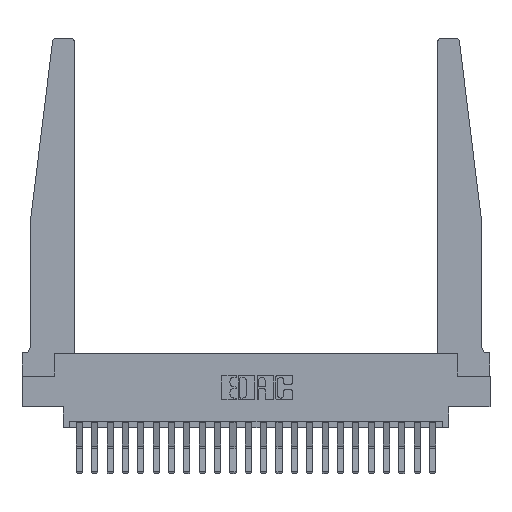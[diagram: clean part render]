
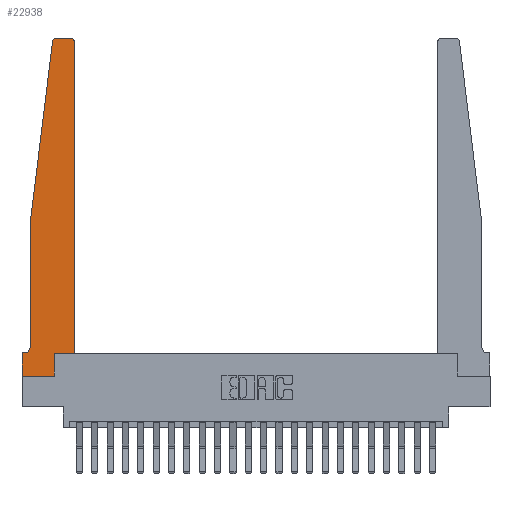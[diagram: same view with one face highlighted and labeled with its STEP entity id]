
A CAD part, top view. The second image highlights one B-rep face of the part: STEP entity #22938.
In plain terms, the highlighted planar face has unit normal (0, 0, 1).
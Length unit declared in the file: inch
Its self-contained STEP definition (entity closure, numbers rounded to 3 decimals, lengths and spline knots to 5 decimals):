
#45 = DIRECTION ( 'NONE',  ( 1., 0., 0. ) ) ;
#654 = ORIENTED_EDGE ( 'NONE', *, *, #5716, .T. ) ;
#817 = VERTEX_POINT ( 'NONE', #4396 ) ;
#1507 = CARTESIAN_POINT ( 'NONE',  ( 0.065, 0.1875, 0.37 ) ) ;
#1746 = VERTEX_POINT ( 'NONE', #10828 ) ;
#1767 = FACE_OUTER_BOUND ( 'NONE', #13498, .T. ) ;
#2438 = ORIENTED_EDGE ( 'NONE', *, *, #20406, .T. ) ;
#3002 = EDGE_CURVE ( 'NONE', #19233, #1746, #22459, .T. ) ;
#3469 = DIRECTION ( 'NONE',  ( 0., 1., 0. ) ) ;
#3743 = CARTESIAN_POINT ( 'NONE',  ( 0.27653, 2.72, 0.37 ) ) ;
#4113 = VECTOR ( 'NONE', #15211, 39.37008 ) ;
#4368 = LINE ( 'NONE', #16925, #17511 ) ;
#4396 = CARTESIAN_POINT ( 'NONE',  ( 0., 0.1875, 0.37 ) ) ;
#4535 = DIRECTION ( 'NONE',  ( 0., 1., 0. ) ) ;
#5552 = DIRECTION ( 'NONE',  ( 1., 0., 0. ) ) ;
#5650 = CARTESIAN_POINT ( 'NONE',  ( 0.015, 0.2375, 0.37 ) ) ;
#5716 = EDGE_CURVE ( 'NONE', #1746, #16355, #15434, .T. ) ;
#5909 = AXIS2_PLACEMENT_3D ( 'NONE', #18292, #7610, #20080 ) ;
#6061 = VECTOR ( 'NONE', #4535, 39.37008 ) ;
#6272 = ORIENTED_EDGE ( 'NONE', *, *, #20113, .T. ) ;
#6389 = ORIENTED_EDGE ( 'NONE', *, *, #9578, .T. ) ;
#6400 = CARTESIAN_POINT ( 'NONE',  ( 0.425, 0.18, 0.37 ) ) ;
#6577 = DIRECTION ( 'NONE',  ( 0., -1., 0. ) ) ;
#6770 = CARTESIAN_POINT ( 'NONE',  ( 0.425, 2.72, 0.37 ) ) ;
#7087 = VECTOR ( 'NONE', #6577, 39.37008 ) ;
#7451 = VERTEX_POINT ( 'NONE', #6770 ) ;
#7464 = DIRECTION ( 'NONE',  ( -1., 0., 0. ) ) ;
#7610 = DIRECTION ( 'NONE',  ( 0., 0., 1. ) ) ;
#7755 = VECTOR ( 'NONE', #10404, 39.37008 ) ;
#8198 = LINE ( 'NONE', #15479, #7087 ) ;
#8517 = DIRECTION ( 'NONE',  ( 0., 0., 1. ) ) ;
#8972 = EDGE_CURVE ( 'NONE', #817, #21987, #18370, .T. ) ;
#9149 = VECTOR ( 'NONE', #3469, 39.37008 ) ;
#9235 = EDGE_CURVE ( 'NONE', #16664, #19233, #17534, .T. ) ;
#9530 = AXIS2_PLACEMENT_3D ( 'NONE', #19194, #8517, #20987 ) ;
#9578 = EDGE_CURVE ( 'NONE', #17770, #7451, #11358, .T. ) ;
#10096 = ORIENTED_EDGE ( 'NONE', *, *, #9235, .T. ) ;
#10404 = DIRECTION ( 'NONE',  ( -1., 0., 0. ) ) ;
#10426 = CARTESIAN_POINT ( 'NONE',  ( 0.065, 0.2375, 0.37 ) ) ;
#10482 = ORIENTED_EDGE ( 'NONE', *, *, #8972, .T. ) ;
#10722 = CARTESIAN_POINT ( 'NONE',  ( 0., 0., 0.37 ) ) ;
#10804 = AXIS2_PLACEMENT_3D ( 'NONE', #3743, #16271, #5552 ) ;
#10828 = CARTESIAN_POINT ( 'NONE',  ( 0.24675, 2.72367, 0.37 ) ) ;
#11230 = CARTESIAN_POINT ( 'NONE',  ( 0.395, 2.75, 0.37 ) ) ;
#11358 = LINE ( 'NONE', #16978, #6061 ) ;
#11519 = CARTESIAN_POINT ( 'NONE',  ( 0.065, 1.25, 0.37 ) ) ;
#11585 = CARTESIAN_POINT ( 'NONE',  ( 0.2605, 0., 0.37 ) ) ;
#11596 = DIRECTION ( 'NONE',  ( -0.122, -0.992, 0. ) ) ;
#11946 = LINE ( 'NONE', #1507, #7755 ) ;
#12214 = CARTESIAN_POINT ( 'NONE',  ( 0.2605, 0.18, 0.37 ) ) ;
#13093 = CIRCLE ( 'NONE', #22726, 0.05 ) ;
#13412 = CARTESIAN_POINT ( 'NONE',  ( 0., 0., 0.37 ) ) ;
#13498 = EDGE_LOOP ( 'NONE', ( #10096, #21068, #654, #17200, #16416, #2438, #10482, #16798, #19630, #15050, #6389, #6272 ) ) ;
#13543 = EDGE_CURVE ( 'NONE', #21784, #17543, #13093, .T. ) ;
#14481 = LINE ( 'NONE', #19575, #9149 ) ;
#15050 = ORIENTED_EDGE ( 'NONE', *, *, #15422, .T. ) ;
#15211 = DIRECTION ( 'NONE',  ( 0., -1., 0. ) ) ;
#15422 = EDGE_CURVE ( 'NONE', #22475, #17770, #4368, .T. ) ;
#15434 = LINE ( 'NONE', #11519, #19039 ) ;
#15479 = CARTESIAN_POINT ( 'NONE',  ( 0.065, 1.25, 0.37 ) ) ;
#15628 = PLANE ( 'NONE',  #9530 ) ;
#16158 = LINE ( 'NONE', #10722, #20317 ) ;
#16271 = DIRECTION ( 'NONE',  ( 0., 0., 1. ) ) ;
#16355 = VERTEX_POINT ( 'NONE', #22861 ) ;
#16416 = ORIENTED_EDGE ( 'NONE', *, *, #13543, .T. ) ;
#16664 = VERTEX_POINT ( 'NONE', #11230 ) ;
#16798 = ORIENTED_EDGE ( 'NONE', *, *, #19937, .T. ) ;
#16925 = CARTESIAN_POINT ( 'NONE',  ( 0.425, 0.18, 0.37 ) ) ;
#16978 = CARTESIAN_POINT ( 'NONE',  ( 0.425, 0.18, 0.37 ) ) ;
#17200 = ORIENTED_EDGE ( 'NONE', *, *, #22869, .T. ) ;
#17511 = VECTOR ( 'NONE', #18695, 39.37008 ) ;
#17524 = VERTEX_POINT ( 'NONE', #11585 ) ;
#17534 = LINE ( 'NONE', #19466, #22819 ) ;
#17538 = CIRCLE ( 'NONE', #5909, 0.03 ) ;
#17543 = VERTEX_POINT ( 'NONE', #20546 ) ;
#17770 = VERTEX_POINT ( 'NONE', #6400 ) ;
#18147 = DIRECTION ( 'NONE',  ( 0., 0., -1. ) ) ;
#18292 = CARTESIAN_POINT ( 'NONE',  ( 0.395, 2.72, 0.37 ) ) ;
#18370 = LINE ( 'NONE', #13412, #4113 ) ;
#18695 = DIRECTION ( 'NONE',  ( 1., 0., 0. ) ) ;
#19039 = VECTOR ( 'NONE', #11596, 39.37008 ) ;
#19194 = CARTESIAN_POINT ( 'NONE',  ( 0., 0.1875, 0.37 ) ) ;
#19233 = VERTEX_POINT ( 'NONE', #21131 ) ;
#19319 = EDGE_CURVE ( 'NONE', #17524, #22475, #14481, .T. ) ;
#19466 = CARTESIAN_POINT ( 'NONE',  ( 0.25, 2.75, 0.37 ) ) ;
#19575 = CARTESIAN_POINT ( 'NONE',  ( 0.2605, 0.18, 0.37 ) ) ;
#19630 = ORIENTED_EDGE ( 'NONE', *, *, #19319, .T. ) ;
#19849 = CARTESIAN_POINT ( 'NONE',  ( 0., 0., 0.37 ) ) ;
#19937 = EDGE_CURVE ( 'NONE', #21987, #17524, #16158, .T. ) ;
#20080 = DIRECTION ( 'NONE',  ( 1., 0., 0. ) ) ;
#20113 = EDGE_CURVE ( 'NONE', #7451, #16664, #17538, .T. ) ;
#20317 = VECTOR ( 'NONE', #45, 39.37008 ) ;
#20406 = EDGE_CURVE ( 'NONE', #17543, #817, #11946, .T. ) ;
#20546 = CARTESIAN_POINT ( 'NONE',  ( 0.015, 0.1875, 0.37 ) ) ;
#20987 = DIRECTION ( 'NONE',  ( 1., 0., 0. ) ) ;
#21068 = ORIENTED_EDGE ( 'NONE', *, *, #3002, .T. ) ;
#21131 = CARTESIAN_POINT ( 'NONE',  ( 0.27653, 2.75, 0.37 ) ) ;
#21251 = DIRECTION ( 'NONE',  ( -1., 0., 0. ) ) ;
#21784 = VERTEX_POINT ( 'NONE', #10426 ) ;
#21987 = VERTEX_POINT ( 'NONE', #19849 ) ;
#22459 = CIRCLE ( 'NONE', #10804, 0.03 ) ;
#22475 = VERTEX_POINT ( 'NONE', #12214 ) ;
#22726 = AXIS2_PLACEMENT_3D ( 'NONE', #5650, #18147, #7464 ) ;
#22819 = VECTOR ( 'NONE', #21251, 39.37008 ) ;
#22861 = CARTESIAN_POINT ( 'NONE',  ( 0.065, 1.25, 0.37 ) ) ;
#22869 = EDGE_CURVE ( 'NONE', #16355, #21784, #8198, .T. ) ;
#22938 = ADVANCED_FACE ( 'NONE', ( #1767 ), #15628, .T. ) ;
◇ ◇ ◇ ◇ ◇
THE TASK:
Please, from the entries above, set down exactly the lines from the one containing "#817 = VERTEX_POINT ( 'NONE', #4396 ) ;" through the one containing "#6389 = ORIENTED_EDGE", and only those.

WORKED SOLUTION:
#817 = VERTEX_POINT ( 'NONE', #4396 ) ;
#1507 = CARTESIAN_POINT ( 'NONE',  ( 0.065, 0.1875, 0.37 ) ) ;
#1746 = VERTEX_POINT ( 'NONE', #10828 ) ;
#1767 = FACE_OUTER_BOUND ( 'NONE', #13498, .T. ) ;
#2438 = ORIENTED_EDGE ( 'NONE', *, *, #20406, .T. ) ;
#3002 = EDGE_CURVE ( 'NONE', #19233, #1746, #22459, .T. ) ;
#3469 = DIRECTION ( 'NONE',  ( 0., 1., 0. ) ) ;
#3743 = CARTESIAN_POINT ( 'NONE',  ( 0.27653, 2.72, 0.37 ) ) ;
#4113 = VECTOR ( 'NONE', #15211, 39.37008 ) ;
#4368 = LINE ( 'NONE', #16925, #17511 ) ;
#4396 = CARTESIAN_POINT ( 'NONE',  ( 0., 0.1875, 0.37 ) ) ;
#4535 = DIRECTION ( 'NONE',  ( 0., 1., 0. ) ) ;
#5552 = DIRECTION ( 'NONE',  ( 1., 0., 0. ) ) ;
#5650 = CARTESIAN_POINT ( 'NONE',  ( 0.015, 0.2375, 0.37 ) ) ;
#5716 = EDGE_CURVE ( 'NONE', #1746, #16355, #15434, .T. ) ;
#5909 = AXIS2_PLACEMENT_3D ( 'NONE', #18292, #7610, #20080 ) ;
#6061 = VECTOR ( 'NONE', #4535, 39.37008 ) ;
#6272 = ORIENTED_EDGE ( 'NONE', *, *, #20113, .T. ) ;
#6389 = ORIENTED_EDGE ( 'NONE', *, *, #9578, .T. ) ;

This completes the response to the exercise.